Hmm, I wonder why the architecture is always so behind in games?

It didn't had the massive IPC advantages Intel has since the first C2Ds; Intel chips simply perform well regardless of threads. Clock-for-clock Phenom II X4 is only just as fast a Q6600.

When you pit a Phenom II X4 against a Intel CPU with a ~50% IPC advantage in a dual-threaded game it looks like this:

freeforumuser
Aug 11, 2007

Alereon posted:

I think that's a little pessimistic. Their desktop performance has been generally weak, but they delivered a hex-core processor far more cheaply than Intel did, and maintained performance leadership in the value segment up until Sandy Bridge. Their strategy has always been more cores/$ and more performance/$ and watt in servers (as well as memory quantity and bandwidth/$), which doesn't translate to a desktop strategy since desktop applications are still poorly threaded. Marketshare numbers don't exactly tell the whole story because AMD Opterons excel in 4+ socket configurations, while Intel leads in 1-2 sockets, so each server AMD wins sells more processors and those processors are worth more (as they're 12-core, 8-way models). AMD has had great success in the supercomputer market for this reason, for example. Basically AMD's server strategy is targeting huge servers for virtualization, while Intel concentrates on more performance-sensitive applications.

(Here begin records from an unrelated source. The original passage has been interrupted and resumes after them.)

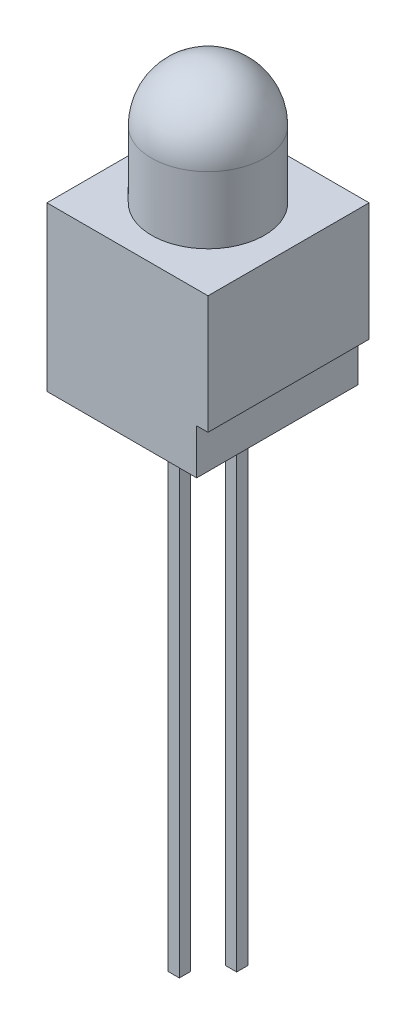
from build123d import *

# Parameters (mm, degrees)
EXTRUDE1_DEPTH     = 3.57
SKETCH1_5_W        = 0.5
SKETCH1_5_H        = 22.9
SKETCH1_5_H_2      = 21.4
EXTRUDE2_DEPTH     = 0.25
SKETCH2_W          = 0.025316456
SKETCH2_H          = 0.026582279
CUT_EXTRUDE1_DEPTH = 0.01


with BuildPart() as part:
    # Sketch1 → Extrude1 (new body, symmetric)
    with BuildSketch(Plane.XY):
        Polygon((0, 0), (-3.57, 0), (-3.57, -7.24), (-1.52, -7.24), (-1.02, -7.24), (1.02, -7.24), (1.52, -7.24), (3.07, -7.24), (3.07, -5.24), (3.57, -5.24), (3.57, 0), (2.5, 0), align=None)
    extrude(amount=EXTRUDE1_DEPTH, both=True)

    # Sketch1_4 → Revolve1 (revolve)
    with BuildSketch(Plane.XY, mode=Mode.PRIVATE) as revolve1_sk:
        with BuildLine():
            Line((0, 5.46), (0, 0))
            Line((0, 0), (2.5, 0))
            Line((2.5, 0), (2.5, 2.96))
            ThreePointArc((2.5, 2.96), (1.767766953, 4.727766953), (0, 5.46))
        make_face()
    revolve(revolve1_sk.sketch.rotate(Axis((0, 0, 0), (0, 1, 0)), 180), axis=Axis((0, 0, 0), (0, 1, 0)))  # turned: the seam where the file's is

    # Sketch1_5 → Extrude2 (add, symmetric)
    with BuildSketch(Plane.XY):
        with Locations((-1.27, -18.69)):
            Rectangle(SKETCH1_5_W, SKETCH1_5_H)
        with Locations((1.27, -17.94)):
            Rectangle(SKETCH1_5_W, SKETCH1_5_H_2)
    extrude(amount=EXTRUDE2_DEPTH, both=True)

    # Sketch2 → Cut-Extrude1 (cut)
    with BuildSketch(Plane.XZ.offset(7.24)):
        Polygon((-0.822151899, -2.422773337), (-0.845609177, -2.497456881), (-0.870352057, -2.497456881), (-0.886768196, -2.447120647), (-0.902294304, -2.497456881), (-0.928026108, -2.497456881), (-0.951265823, -2.422773337), (-0.926087816, -2.422773337), (-0.913093354, -2.474256723), (-0.896677215, -2.422773337), (-0.875178006, -2.422773337), (-0.858860759, -2.474256723), (-0.846044304, -2.422773337), align=None)
        Polygon((-0.687974684, -2.422773337), (-0.711431962, -2.497456881), (-0.736174842, -2.497456881), (-0.752590981, -2.447120647), (-0.768117089, -2.497456881), (-0.793848892, -2.497456881), (-0.817088608, -2.422773337), (-0.791910601, -2.422773337), (-0.778916139, -2.474256723), (-0.7625, -2.422773337), (-0.741000791, -2.422773337), (-0.724683544, -2.474256723), (-0.711867089, -2.422773337), align=None)
        Polygon((-0.553797468, -2.422773337), (-0.577254747, -2.497456881), (-0.601997627, -2.497456881), (-0.618413766, -2.447120647), (-0.633939873, -2.497456881), (-0.659671677, -2.497456881), (-0.682911392, -2.422773337), (-0.657733386, -2.422773337), (-0.644738924, -2.474256723), (-0.628322785, -2.422773337), (-0.606823576, -2.422773337), (-0.590506329, -2.474256723), (-0.577689873, -2.422773337), align=None)
        with Locations((-0.525949367, -2.484165742)):
            Rectangle(SKETCH2_W, SKETCH2_H)
        with BuildLine():
            add(Edge.make_bspline(
                [(-0.409493671, -2.466285995), (-0.40953016, -2.467508136), (-0.409601812, -2.469908014), (-0.41021153, -2.473415593), (-0.411205016, -2.476740298), (-0.412579134, -2.479902958), (-0.414367936, -2.482881577), (-0.416577526, -2.485661854), (-0.419141939, -2.488296654), (-0.422108149, -2.490702784), (-0.425388259, -2.492907161), (-0.428985835, -2.49480416), (-0.432864539, -2.496400643), (-0.437013125, -2.497739194), (-0.441459564, -2.498727775), (-0.446177094, -2.49945172), (-0.451170512, -2.49992505), (-0.45459409, -2.499967016), (-0.456348892, -2.499988527)],
                knots=[0, 0, 0, 0, 0.907352243, 1.781736951, 2.63548328, 3.47985091, 4.336556021, 5.208523475, 6.112432747, 7.062451073, 8.040435374, 9.043840564, 10.077958095, 11.152835584, 12.277940427, 13.457536469, 14.696825396, 16, 16, 16, 16], degree=3))
            add(Edge.make_bspline(
                [(-0.456348892, -2.499988527), (-0.458367148, -2.499964455), (-0.46227633, -2.49991783), (-0.467939855, -2.499489231), (-0.473207892, -2.498843092), (-0.478103607, -2.49787655), (-0.482708206, -2.496675785), (-0.487141474, -2.495384493), (-0.491422786, -2.493920078), (-0.494195876, -2.49281992), (-0.49556962, -2.492274919)],
                knots=[0, 0, 0, 0, 1.203215828, 2.33052265, 3.384689099, 4.366106119, 5.303329643, 6.221311756, 7.118865988, 8, 8, 8, 8], degree=3))
            Line((-0.49556962, -2.492274919), (-0.49556962, -2.468342957))
            Line((-0.49556962, -2.468342957), (-0.492721519, -2.468342957))
            add(Edge.make_bspline(
                [(-0.492721519, -2.468342957), (-0.491356205, -2.469424412), (-0.488633592, -2.471580973), (-0.484200359, -2.474343578), (-0.479552713, -2.476745741), (-0.474707243, -2.478719743), (-0.469810398, -2.480306067), (-0.46493502, -2.481399594), (-0.460169433, -2.482146943), (-0.457010864, -2.48222745), (-0.455458861, -2.482267008)],
                knots=[0, 0, 0, 0, 1.030622468, 2.055194264, 3.087043286, 4.125157485, 5.149848264, 6.130935704, 7.081611712, 8, 8, 8, 8], degree=3))
            add(Edge.make_bspline(
                [(-0.455458861, -2.482267008), (-0.455030085, -2.482266084), (-0.454112108, -2.482264107), (-0.452650581, -2.482136379), (-0.45099877, -2.482040803), (-0.449226261, -2.481833619), (-0.447429535, -2.481611758), (-0.445767134, -2.481236833), (-0.444257539, -2.480871966), (-0.443351018, -2.480503968), (-0.442919304, -2.480328716)],
                knots=[0, 0, 0, 0, 0.806402781, 1.726445712, 2.758724871, 3.919014682, 5.083870887, 6.16165551, 7.124521387, 8, 8, 8, 8], degree=3))
            add(Edge.make_bspline(
                [(-0.442919304, -2.480328716), (-0.442439741, -2.480100575), (-0.441497298, -2.479652227), (-0.440203698, -2.478841909), (-0.439036018, -2.477958444), (-0.437978647, -2.476993513), (-0.437104366, -2.475827763), (-0.436480499, -2.47441909), (-0.436135606, -2.472770072), (-0.436096583, -2.471594869), (-0.436075949, -2.470973495)],
                knots=[0, 0, 0, 0, 1.024747072, 2.013846092, 2.940605744, 3.850156746, 4.769278501, 5.73222711, 6.800942666, 8, 8, 8, 8], degree=3))
            add(Edge.make_bspline(
                [(-0.436075949, -2.470973495), (-0.436107794, -2.470427858), (-0.43617041, -2.469354974), (-0.436747603, -2.467819859), (-0.437657041, -2.466410691), (-0.438938631, -2.465141916), (-0.440531807, -2.463992383), (-0.442474191, -2.463010077), (-0.444724312, -2.46213689), (-0.446368382, -2.461718912), (-0.447231013, -2.461499602)],
                knots=[0, 0, 0, 0, 0.82557554, 1.623324704, 2.456147571, 3.35491006, 4.343819762, 5.427079081, 6.650009487, 8, 8, 8, 8], degree=3))
            add(Edge.make_bspline(
                [(-0.447231013, -2.461499602), (-0.449199639, -2.461051362), (-0.453238649, -2.460131712), (-0.459388473, -2.458992958), (-0.465516824, -2.457718098), (-0.469469591, -2.456511455), (-0.471400316, -2.455922071)],
                knots=[0, 0, 0, 0, 0.976100998, 2.002656142, 3.024398856, 4, 4, 4, 4], degree=3))
            add(Edge.make_bspline(
                [(-0.471400316, -2.455922071), (-0.472438835, -2.455569081), (-0.474460408, -2.454881953), (-0.477351919, -2.453720293), (-0.480013147, -2.452450463), (-0.48245286, -2.451094908), (-0.484653549, -2.449622368), (-0.486647817, -2.448080991), (-0.488410933, -2.446440951), (-0.489957738, -2.444701185), (-0.491282641, -2.442850482), (-0.492435025, -2.440905284), (-0.493417646, -2.438849865), (-0.494195684, -2.436679642), (-0.494820323, -2.434405986), (-0.495239305, -2.432028274), (-0.495538322, -2.429545145), (-0.495559046, -2.42785076), (-0.49556962, -2.426986153)],
                knots=[0, 0, 0, 0, 1.287047841, 2.5053592, 3.654260482, 4.74538952, 5.777514103, 6.75871007, 7.700244599, 8.599107454, 9.48590269, 10.366941872, 11.24940663, 12.154970331, 13.068988358, 14.012872203, 14.986013017, 16, 16, 16, 16], degree=3))
            add(Edge.make_bspline(
                [(-0.49556962, -2.426986153), (-0.495532318, -2.425830008), (-0.495458909, -2.423554736), (-0.49485748, -2.420225692), (-0.49383089, -2.417076955), (-0.492444827, -2.414073492), (-0.490616199, -2.411260406), (-0.488431404, -2.408581859), (-0.485807357, -2.406110267), (-0.482830235, -2.403809933), (-0.479542851, -2.401730535), (-0.476003867, -2.399899979), (-0.472234578, -2.398363327), (-0.468249032, -2.397089433), (-0.464030563, -2.396134762), (-0.45959333, -2.395415831), (-0.454919541, -2.395002649), (-0.45172812, -2.394951399), (-0.450098892, -2.394925235)],
                knots=[0, 0, 0, 0, 0.894990994, 1.761326291, 2.609044902, 3.454222546, 4.315366365, 5.200560057, 6.125081389, 7.100429509, 8.110379559, 9.133447974, 10.182136699, 11.259192205, 12.370181258, 13.528580438, 14.738335141, 16, 16, 16, 16], degree=3))
            add(Edge.make_bspline(
                [(-0.450098892, -2.394925235), (-0.448430198, -2.394947388), (-0.44509564, -2.394991656), (-0.4401143, -2.395370213), (-0.435159872, -2.395922525), (-0.430297448, -2.396771765), (-0.425605285, -2.397739997), (-0.42118617, -2.39883927), (-0.417106618, -2.400076777), (-0.414532965, -2.401031178), (-0.413291139, -2.401491691)],
                knots=[0, 0, 0, 0, 1.065407564, 2.129008667, 3.188544425, 4.247469455, 5.279542408, 6.247502114, 7.154394069, 8, 8, 8, 8], degree=3))
            Line((-0.413291139, -2.401491691), (-0.413291139, -2.424039159))
            Line((-0.413291139, -2.424039159), (-0.416119462, -2.424039159))
            add(Edge.make_bspline(
                [(-0.416119462, -2.424039159), (-0.417192966, -2.423239872), (-0.419383743, -2.421608706), (-0.423033347, -2.419506971), (-0.427000967, -2.417566879), (-0.431282594, -2.415875222), (-0.435742374, -2.414417215), (-0.440325133, -2.413397657), (-0.444951348, -2.41275595), (-0.448053052, -2.412683161), (-0.44960443, -2.412646754)],
                knots=[0, 0, 0, 0, 0.892265782, 1.820912499, 2.804518821, 3.836954028, 4.889985052, 5.931488012, 6.965393252, 8, 8, 8, 8], degree=3))
            add(Edge.make_bspline(
                [(-0.44960443, -2.412646754), (-0.450700035, -2.412668657), (-0.452897679, -2.412712591), (-0.45616687, -2.413097477), (-0.459407348, -2.413736329), (-0.46144203, -2.414552381), (-0.462460443, -2.414960837)],
                knots=[0, 0, 0, 0, 0.999122297, 2.004111588, 3.001004448, 4, 4, 4, 4], degree=3))
            add(Edge.make_bspline(
                [(-0.462460443, -2.414960837), (-0.462894173, -2.415162016), (-0.463761342, -2.415564239), (-0.464968884, -2.416343865), (-0.466089856, -2.417260208), (-0.467085439, -2.418312965), (-0.467929873, -2.419481319), (-0.468548899, -2.420748902), (-0.468923392, -2.422112783), (-0.468965739, -2.423047882), (-0.468987342, -2.423524919)],
                knots=[0, 0, 0, 0, 1.004925302, 2.009180302, 3.014392739, 4.04465309, 5.049195417, 6.035570224, 6.99785458, 8, 8, 8, 8], degree=3))
            add(Edge.make_bspline(
                [(-0.468987342, -2.423524919), (-0.468952904, -2.424163084), (-0.468887095, -2.42538256), (-0.468280511, -2.427098356), (-0.467295678, -2.42857679), (-0.466135073, -2.42957171), (-0.465017943, -2.430269148), (-0.463982284, -2.430779658), (-0.462773057, -2.431263017), (-0.461401809, -2.431760486), (-0.459865482, -2.432251673), (-0.458156925, -2.43272722), (-0.456274208, -2.433176516), (-0.454958333, -2.433462706), (-0.454272152, -2.433611944)],
                knots=[0, 0, 0, 0, 1.173816843, 2.243057204, 3.312297565, 4.415174738, 5.03266065, 5.73970059, 6.541434878, 7.433956553, 8.430083051, 9.515931566, 10.70464786, 12, 12, 12, 12], degree=3))
            add(Edge.make_bspline(
                [(-0.454272152, -2.433611944), (-0.452439229, -2.433987389), (-0.448844263, -2.43472376), (-0.443445039, -2.435836125), (-0.437940051, -2.437101484), (-0.434268899, -2.43825348), (-0.432357595, -2.438853242)],
                knots=[0, 0, 0, 0, 0.995749986, 1.952994291, 2.934271555, 4, 4, 4, 4], degree=3))
            add(Edge.make_bspline(
                [(-0.432357595, -2.438853242), (-0.431411107, -2.439172601), (-0.429559623, -2.439797318), (-0.426918075, -2.440882002), (-0.424469022, -2.442064092), (-0.422190751, -2.443286578), (-0.42012867, -2.444649794), (-0.418235447, -2.446064442), (-0.416552428, -2.44759255), (-0.415054478, -2.449205409), (-0.413736077, -2.450915841), (-0.412601114, -2.452753943), (-0.411637968, -2.454708472), (-0.410829836, -2.456781544), (-0.41025182, -2.458988612), (-0.409817762, -2.461314913), (-0.40952694, -2.463760228), (-0.409504884, -2.465434675), (-0.409493671, -2.466285995)],
                knots=[0, 0, 0, 0, 1.237386967, 2.420528625, 3.534815053, 4.605870898, 5.620827102, 6.594482803, 7.531295079, 8.432978826, 9.318460435, 10.202471551, 11.10474705, 12.014900263, 12.954095338, 13.926516828, 14.945802342, 16, 16, 16, 16], degree=3))
        make_face()
        with BuildLine():
            Line((-0.317088608, -2.497456881), (-0.341139241, -2.497456881))
            Line((-0.341139241, -2.497456881), (-0.341139241, -2.489624602))
            add(Edge.make_bspline(
                [(-0.341139241, -2.489624602), (-0.342232496, -2.49043327), (-0.344340276, -2.491992368), (-0.347514015, -2.494071133), (-0.350542736, -2.495854295), (-0.353464337, -2.497396447), (-0.356479693, -2.498587295), (-0.359707195, -2.499409151), (-0.363209459, -2.49991027), (-0.365636434, -2.499961862), (-0.366890823, -2.499988527)],
                knots=[0, 0, 0, 0, 1.150906677, 2.218931226, 3.20955724, 4.125565256, 5.012676028, 5.946647191, 6.938718366, 8, 8, 8, 8], degree=3))
            add(Edge.make_bspline(
                [(-0.366890823, -2.499988527), (-0.367907168, -2.499965797), (-0.369886286, -2.499921537), (-0.372763616, -2.4995768), (-0.375470927, -2.499038653), (-0.377987077, -2.498232797), (-0.380352422, -2.497258681), (-0.382503941, -2.495999593), (-0.38449163, -2.494540256), (-0.386295007, -2.492863321), (-0.387885627, -2.490942359), (-0.389272677, -2.488819608), (-0.390448489, -2.486484969), (-0.391390127, -2.483933603), (-0.392145061, -2.481175158), (-0.392669038, -2.478195952), (-0.392989618, -2.475008812), (-0.393021559, -2.472813684), (-0.393037975, -2.47168552)],
                knots=[0, 0, 0, 0, 1.108935798, 2.159418225, 3.158520219, 4.116592843, 5.038730546, 5.944611115, 6.829677354, 7.725673622, 8.624842385, 9.544872214, 10.487719724, 11.471363217, 12.50822837, 13.604887271, 14.769056852, 16, 16, 16, 16], degree=3))
            Line((-0.393037975, -2.47168552), (-0.393037975, -2.422773337))
            Line((-0.393037975, -2.422773337), (-0.368987342, -2.422773337))
            Line((-0.368987342, -2.422773337), (-0.368987342, -2.460352451))
            add(Edge.make_bspline(
                [(-0.368987342, -2.460352451), (-0.368985706, -2.461268922), (-0.368982576, -2.463023137), (-0.368900237, -2.465528944), (-0.368779336, -2.467797116), (-0.368640631, -2.469839145), (-0.368387615, -2.471685896), (-0.368009906, -2.473352057), (-0.36753908, -2.474871659), (-0.367074761, -2.47577836), (-0.366851266, -2.476214792)],
                knots=[0, 0, 0, 0, 1.361401701, 2.605856924, 3.723918663, 4.735739235, 5.645738665, 6.489217889, 7.27279937, 8, 8, 8, 8], degree=3))
            add(Edge.make_bspline(
                [(-0.366851266, -2.476214792), (-0.366621226, -2.47661344), (-0.366168987, -2.477397147), (-0.365249176, -2.478404295), (-0.364173193, -2.479241202), (-0.362903555, -2.479913846), (-0.361410474, -2.480397549), (-0.359678473, -2.480744296), (-0.357692458, -2.48095812), (-0.356283538, -2.480986282), (-0.355537975, -2.481001185)],
                knots=[0, 0, 0, 0, 0.849057291, 1.669173542, 2.503217716, 3.359509317, 4.311793648, 5.394940091, 6.621469141, 8, 8, 8, 8], degree=3))
            add(Edge.make_bspline(
                [(-0.355537975, -2.481001185), (-0.35499671, -2.480983727), (-0.353883832, -2.480947834), (-0.352178621, -2.480717905), (-0.350389592, -2.480356249), (-0.347875395, -2.479697226), (-0.34469925, -2.478518047), (-0.342335111, -2.477159245), (-0.341139241, -2.476471913)],
                knots=[0, 0, 0, 0, 0.638164724, 1.312110757, 2.025558264, 2.789159289, 4.375836335, 6, 6, 6, 6], degree=3))
            Line((-0.341139241, -2.476471913), (-0.341139241, -2.422773337))
            Line((-0.341139241, -2.422773337), (-0.317088608, -2.422773337))
            Line((-0.317088608, -2.422773337), (-0.317088608, -2.497456881))
        make_face()
        with BuildLine():
            Line((-0.219620253, -2.497456881), (-0.243670886, -2.497456881))
            Line((-0.243670886, -2.497456881), (-0.243670886, -2.459877767))
            add(Edge.make_bspline(
                [(-0.243670886, -2.459877767), (-0.24369121, -2.458347294), (-0.243731745, -2.455294881), (-0.244065325, -2.451538106), (-0.244399034, -2.448690315), (-0.244775857, -2.446854248), (-0.245206044, -2.445305912), (-0.24561849, -2.444420175), (-0.245806962, -2.444015425)],
                knots=[0, 0, 0, 0, 1.709235885, 3.408940626, 4.211008593, 4.910095588, 5.501954032, 6, 6, 6, 6], degree=3))
            add(Edge.make_bspline(
                [(-0.245806962, -2.444015425), (-0.24605139, -2.443617303), (-0.246530627, -2.442836728), (-0.247468442, -2.441824706), (-0.248565091, -2.440988492), (-0.249843815, -2.440323542), (-0.251328468, -2.439837644), (-0.253041142, -2.439450985), (-0.255027113, -2.439282425), (-0.256434481, -2.439247515), (-0.257179589, -2.439229033)],
                knots=[0, 0, 0, 0, 0.860145871, 1.686437142, 2.528070002, 3.393017362, 4.331453407, 5.402595683, 6.624848233, 8, 8, 8, 8], degree=3))
            add(Edge.make_bspline(
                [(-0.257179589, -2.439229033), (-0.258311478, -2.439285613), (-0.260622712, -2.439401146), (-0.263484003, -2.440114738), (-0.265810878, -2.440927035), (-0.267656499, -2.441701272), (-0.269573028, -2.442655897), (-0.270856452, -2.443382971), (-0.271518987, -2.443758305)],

The situation is almost entirely reversed in the low-power market, as Intel completely hosed themselves with Atom and won't begin to recover until 2013. AMD's low-power Fusion processors (E, C, Z-series) have a commanding lead and sell as fast as AMD can make them. Their Llano processors have pretty disappointing CPU performance, but putting a decent GPU on-die makes them pretty compelling for laptops where the costs (especially in terms of power) of a discrete GPU aren't worth it. Llano also delivers 4 cores in a space where Intel usually delivers 2, which doesn't always help but isn't as useless as having more than 4 cores typically is.

It is pessimistic because Intel can annihilate AMD in every sector, if they choose to.

Server: I'm don't track stuff here, but anything wrong with the Intel server platform was long fixed since Nehalem with the IMC, QPI and HT. Sandy bridge only made the same stuff even better.

Desktops: Release an unlocked i3. No reason to even buy AMD anymore.

Laptops: Cut SB prices against Llano. Actually Intel doesn't even need to do anything since dualcore SBs laptops with Llano-grade GPUs are already as competitive as it is, pricing-wise. (considering how slow is the Llano CPU)

Netbooks: Release a single core SB. Zacate? What is that again?

freeforumuser
Aug 11, 2007

trandorian posted:

Considering Atoms are already dual core, it'd be silly to replace them with a single core sandy bridge. Noone wants to be stuck with single-core today.

A single core SB is going to murder any Atom or Zacate CPUs regardless of cores, with much better performance/watt to boot.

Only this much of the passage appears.